Well, there ain't many rivers in southern Baldwin County of any size so I have an idea of where it could be.


----------



## CatHunter (Dec 31, 2008)

Thats a nice fish but he just don't look 70+ to me could be your phone, at the bottom ill post a picture of a 75lber my buddy sent me that they got the other day from "The James River" Virginia #1 for largest blue cats in the world.

If its the river I'm thinking of that you caught him out of I have fished it my self and got some nice blues, a little catfishermans secret river:whistling:


----------



## CatCrusher (Jan 18, 2009)

It's just the camera. We weighed him on three different scales and they all differed by 3 0r 4 pounds so I split the difference. I could have stuck a good camera up close and made him look 100lbs. Anyway good fish and still swimming.


----------



## CatHunter (Dec 31, 2008)

The blues are definitely hot right now, migrating up small creeks and tributary's getting ready to spawn, while the flatheads are still pretty much shut down till spring, good fish and when practicing catch and release a good camera is a must. The channel cats will be gathering in large schools in 20-30 feet on ledges and holes getting ready for spawn

Glade u let her go, that's another one of my goals this year to release all cats over 10lbs.
:thumbsup::thumbsup:


----------



## JoeyWelch (Sep 25, 2009)

Nice cat Barrow. Glad ya got it. 

Good job on the release. Congratulations.


----------



## CatCrusher (Jan 18, 2009)

The flatheads are tearing it up right now on the Alabama river. You just got to fish the creek mouths coming in to the big water. We wore e'm out last week. I catch more flatheads this time of year than any other.


----------



## CatHunter (Dec 31, 2008)

Have u fished the Mobile-tensaw delta much? I have located a small river about 0.3 miles across approximately 5 miles long, Its a nice looking stretch of river that I don't think many people fish but know from experience where that big flatheads lurk, these smaller body's of water off the main rivers make it easier to target them. Its about 7 miles from cliffs landing. 

The delta is a great place to fish with so much water to explore compared to our tiny little rivers.


----------



## CatCrusher (Jan 18, 2009)

The further north of cliffs you get the better the flathead fishing. I've caught a few at the mouth of Byrnes lake and the ship channel on the upper side of gravine island. Really need to get above I65 for your best chances. But just like you have seen on the map there are little channels running every which a way.


----------



## Jason (Oct 2, 2007)

That's a big ole kitty!!!! CONGRATS on a great catch!


----------



## CatHunter (Dec 31, 2008)

Its such a neat water way the fascinates the hell out of me with so many hidden secrets, We plan on doing a lot of fishing over there this year releasing every thing over 10lbs.


----------



## jcoss15 (Oct 11, 2010)

nice fish man...looks like your holding a fat seal...ha ha


----------



## CatHunter (Dec 31, 2008)

This is the time of year to get them big blues heres a 30+ Escambia Blue we caught on whole Spanish sardines 
















he lives to fight another day


----------



## JoeyWelch (Sep 25, 2009)

CatHunter said:


> Its such a neat water way the fascinates the hell out of me with so many hidden secrets, We plan on doing a lot of fishing over there this year releasing every thing over 10lbs.

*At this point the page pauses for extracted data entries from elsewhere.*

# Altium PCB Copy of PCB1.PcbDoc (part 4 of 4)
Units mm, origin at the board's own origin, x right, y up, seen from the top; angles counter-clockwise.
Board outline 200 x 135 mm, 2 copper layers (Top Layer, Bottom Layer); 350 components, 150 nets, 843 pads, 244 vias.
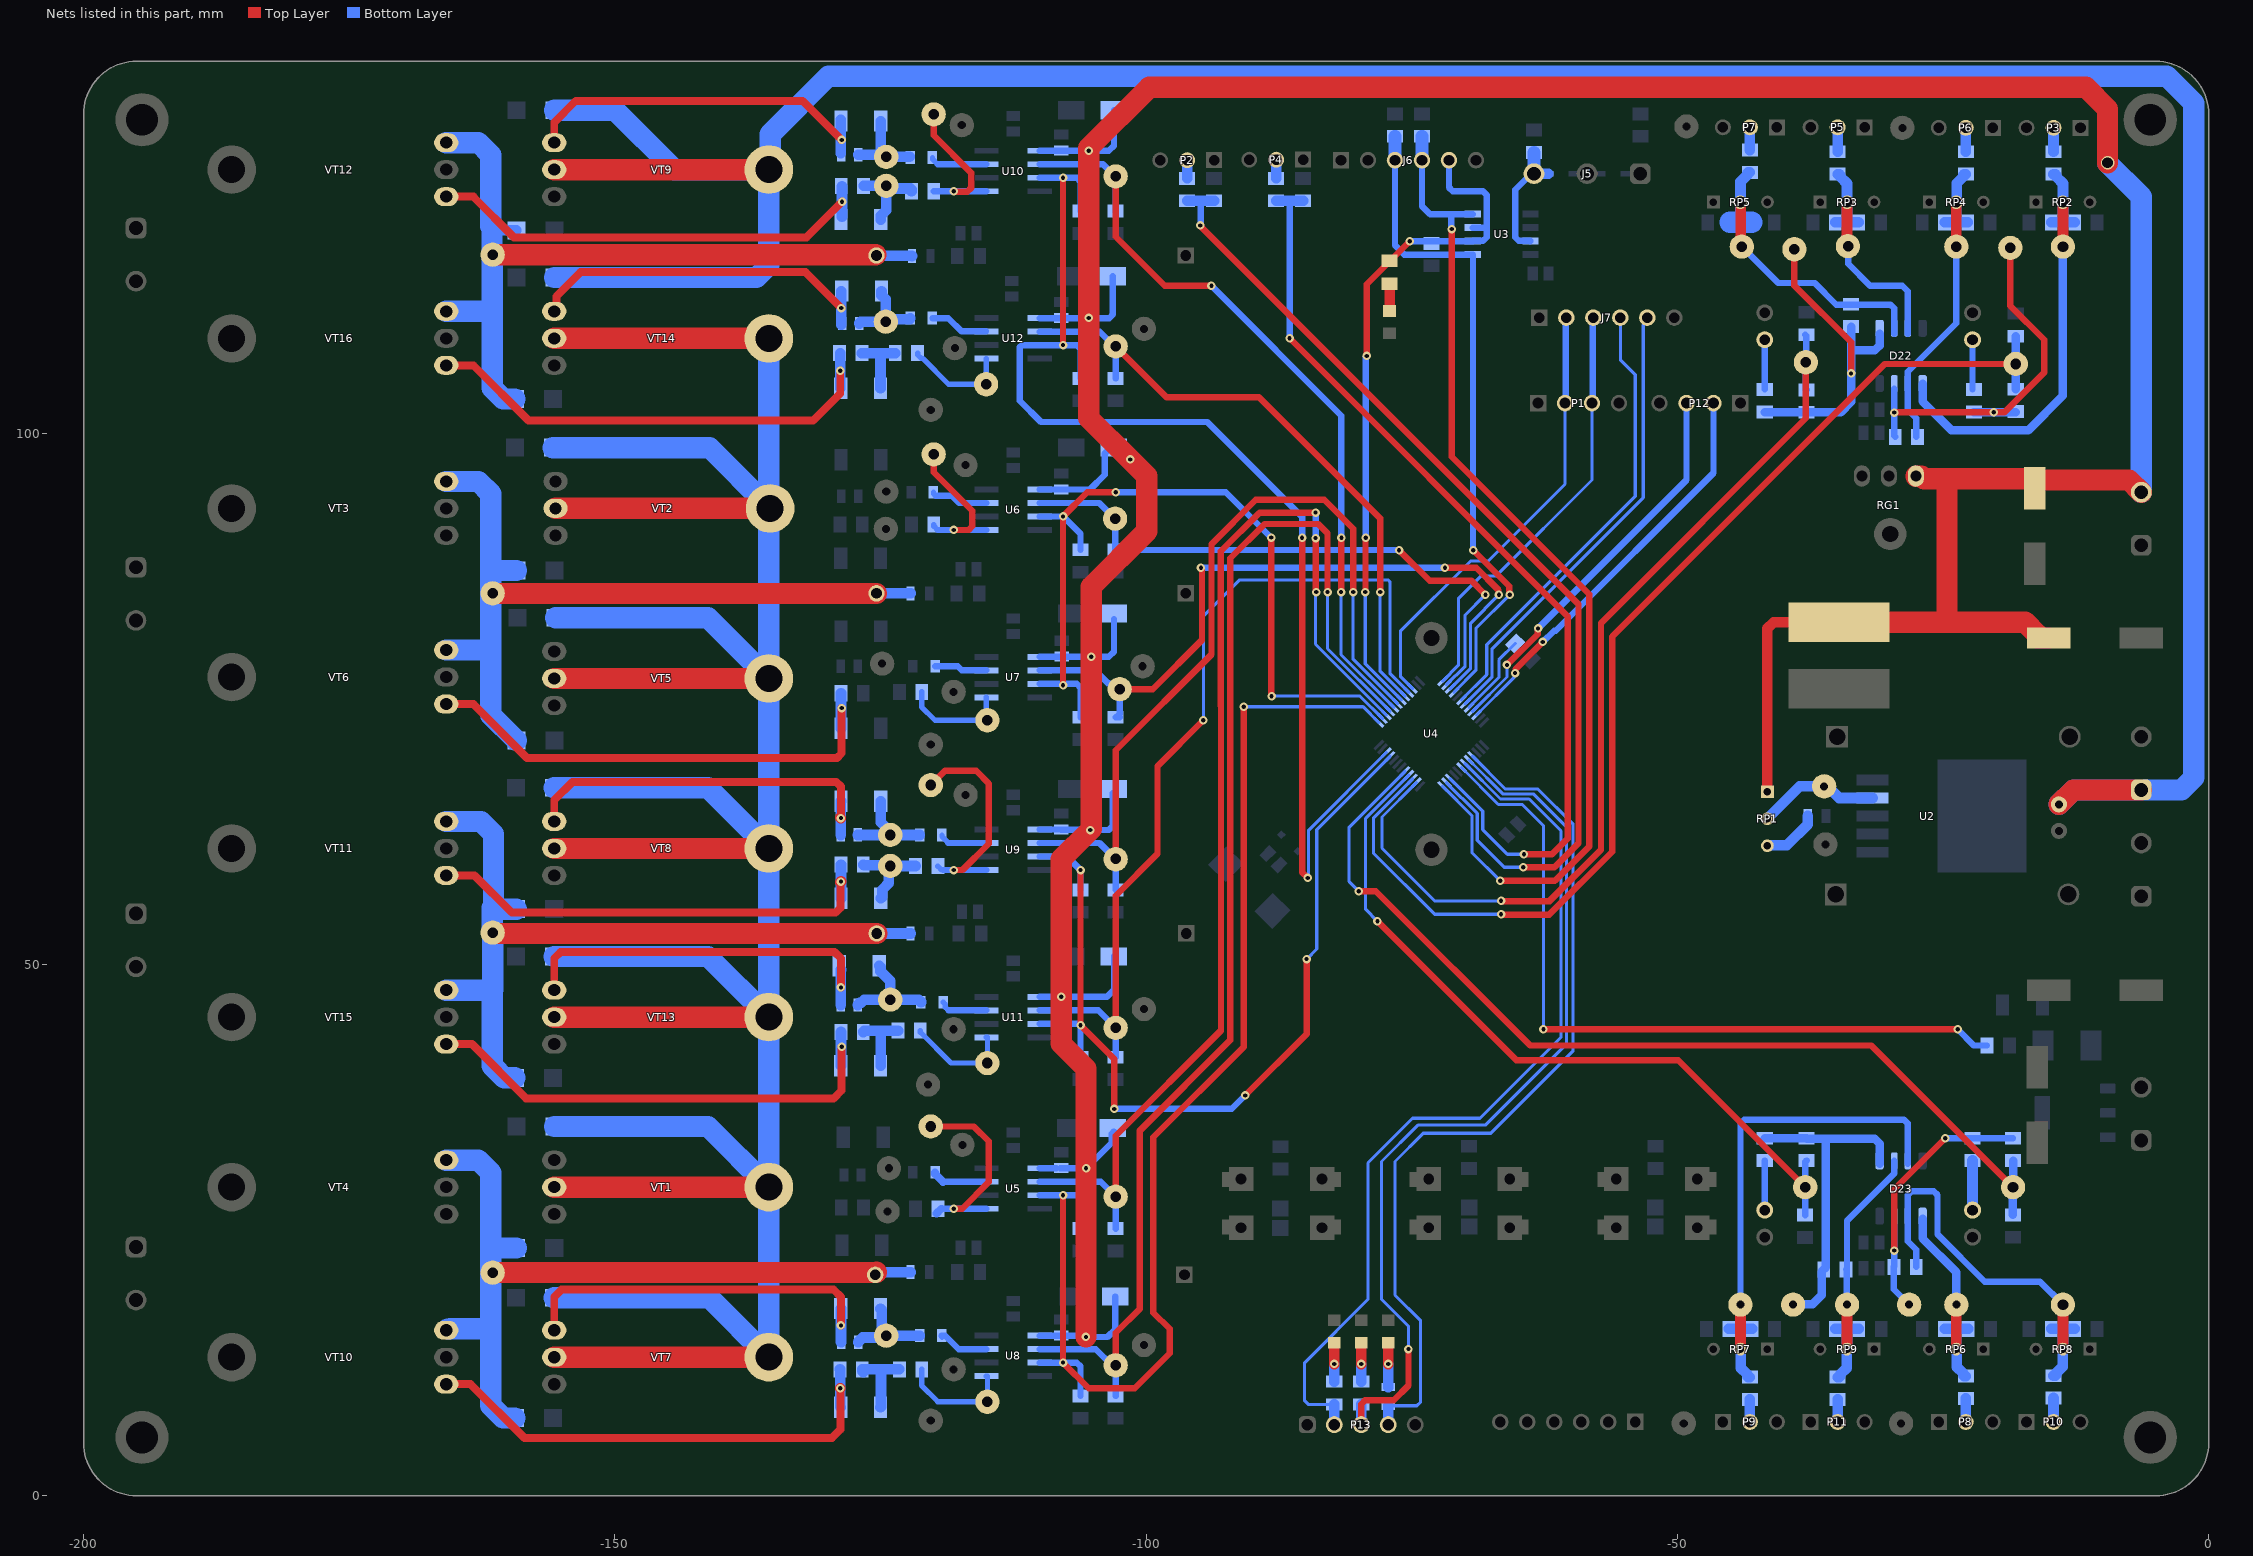
[diagram p3: the nets of this part, all layers, seen from the top]

## Via types
v1: diameter 0.8, hole 0.4, Top Layer to Bottom Layer, tented both sides, 119 vias
v2: diameter 1.27, hole 1, Top Layer to Bottom Layer, 115 vias
v3: diameter 1.8, hole 1, Top Layer to Bottom Layer, tented both sides, 6 vias
v4: diameter 1.27, hole 0.711, Top Layer to Bottom Layer, 3 vias
v5: diameter 0.8, hole 0.4, Top Layer to Bottom Layer, 1 vias

## Nets (pads, with @x,y where several pads share a name; then routed paths per layer and width w, separated by ;. In a path a pad name is that pad's centre, name@x,y a point inside that pad or via, vN(x,y) a via of type N, cw(c..) or ccw(c..) an arc to the next point about the centre after c; other vN are vias at no path point) (continued)
NetD9_2: D9.2 R27.1 VT6.G | length 47
  Top Layer w0.75: VT6.G@-165.862,74.509 -163.322,74.509 -158.256,69.443 -129.09,69.443 -128.651,69.882 v1(-128.651,74.128)
  Bottom Layer w1: R27.1@-128.721,75.525 -128.719,75.524 -128.719,72.224 D9.2@-128.718,72.223
NetD13_1: D13.1 R31.1 R34.2 TP35.1 | length 8.8
  Bottom Layer w1: R31.1@-127.087,14.438 -127.087,14.473 -126.665,14.895 -124.638,14.895 v2(-124.46,15.073) ; D13.1@-124.998,17.613 -124.873,17.488 -124.873,15.834 -124.46,15.421 v2(-124.46,15.073) ; R34.2@-121.319,15.073 v2(-124.46,15.073)
NetD13_2: D13.2 R31.2 VT7.G | length 36.5
  Top Layer w0.75: VT7.G@-155.702,15.581 -155.702,18.702 -155.013,19.391 -129.408,19.391 -128.72,18.702 v1(-128.72,16.026)
  Bottom Layer w1: D13.2@-128.748,17.613 -128.72,17.584 v1(-128.72,16.026) -128.72,14.467 R31.2@-128.691,14.438
NetD14_1: D14.1 R41.1 R43.2 TP49.1 | length 9.4
  Bottom Layer w1: R41.1@-127.127,62.19 v2(-124.079,62.19) ; D14.1@-124.968,65.365 -124.968,63.37 -124.079,62.481 v2(-124.079,62.19) ; R43.2@-121.319,62.19 v2(-124.079,62.19)
NetD14_2: D14.2 R41.2 VT8.G | length 36.1
  Top Layer w0.75: VT8.G@-155.702,63.46 -155.702,65.474 -153.991,67.185 -129.164,67.185 -128.724,66.746 v1(-128.724,63.778)
  Top Layer w1: v1@-128.778,63.831 v1(-128.724,63.778)
  Bottom Layer w1: R41.2@-128.731,62.19 -128.724,62.196 v1(-128.724,63.778) -128.724,65.359 D14.2@-128.718,65.365
NetD15_1: D15.1 R42.1 R44.2 TP50.1 | length 8.4
  Bottom Layer w1: R42.1@-127.087,126.198 -124.658,126.198 v4(-124.46,126) R44.2@-122.264,126 ; D15.1@-124.968,129.373 -124.968,126.856 -124.516,126.404 TP50.1@-124.516,126.056
  other v2: -124.46,126
NetD15_2: D15.2 R42.2 VT9.G | length 34.5
  Top Layer w0.75: VT9.G@-155.702,127.341 -155.702,129.248 -153.672,131.278 -132.334,131.278 v1(-128.651,127.595)
  Bottom Layer w1: R42.2@-128.748,126.329 D15.2@-128.748,129.5
NetD16_1: D16.1 R45.1 R48.2 | length 7.1
  Bottom Layer w1: R48.2@-126.608,11.644 -126.711,11.747 R48.2@-126.711,11.898 -124.95,11.898 R45.1@-123.225,11.898 ; D16.1@-124.998,8.342 -124.95,8.39 -124.95,11.644
NetD16_2: D16.2 R48.1 VT10.G | length 47
  Top Layer w0.75: VT10.G@-165.862,10.501 -163.576,10.501 -158.51,5.435 -129.584,5.435 -128.778,6.241 v1@-128.778,10.118
  Top Layer w1: v1(-128.78,10.12) v1@-128.778,10.118
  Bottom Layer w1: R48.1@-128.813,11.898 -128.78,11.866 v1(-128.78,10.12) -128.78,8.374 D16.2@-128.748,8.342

There is a lot of pretty water over here. I've been on it since I was a kid but the way they release the upper locks and dams they really keep it screwed up with high water for better than half the year.

Still some nice cats caught in the area every year but they can be there one day and not a bite the next. If not for the influence of the flooding I have alway's thought it would be a lot better.

For what it's worth, when everything else is running to hard to fish The head of Ni-gger Lake is usually the last to break over and can still be fished when everything else is to swift.


----------



## CatHunter (Dec 31, 2008)

Ill be lurking over that way some time next week if all the conditions lines up right, We will be hunting under the cover of darkness deep in the back country I'm sure the ol delta wont disappoint, Pretty much just flathead fishing but we will try for a few blues while we are there.

I hope our luck is as good as sbarrows them are some nice cats for sure.

Its going to be great, If I didnt have so much to do I would stay a week camping on different river beds living off the land daylight to daylight fishing none stop, some thing allot of my generation has just forgotten how to do

The river temp needs to hit 60 before the really cool stuff happens.


----------



## Slip Knot (Apr 24, 2009)

CatHunter,
That is Bottle Creek. You should do very well there.


----------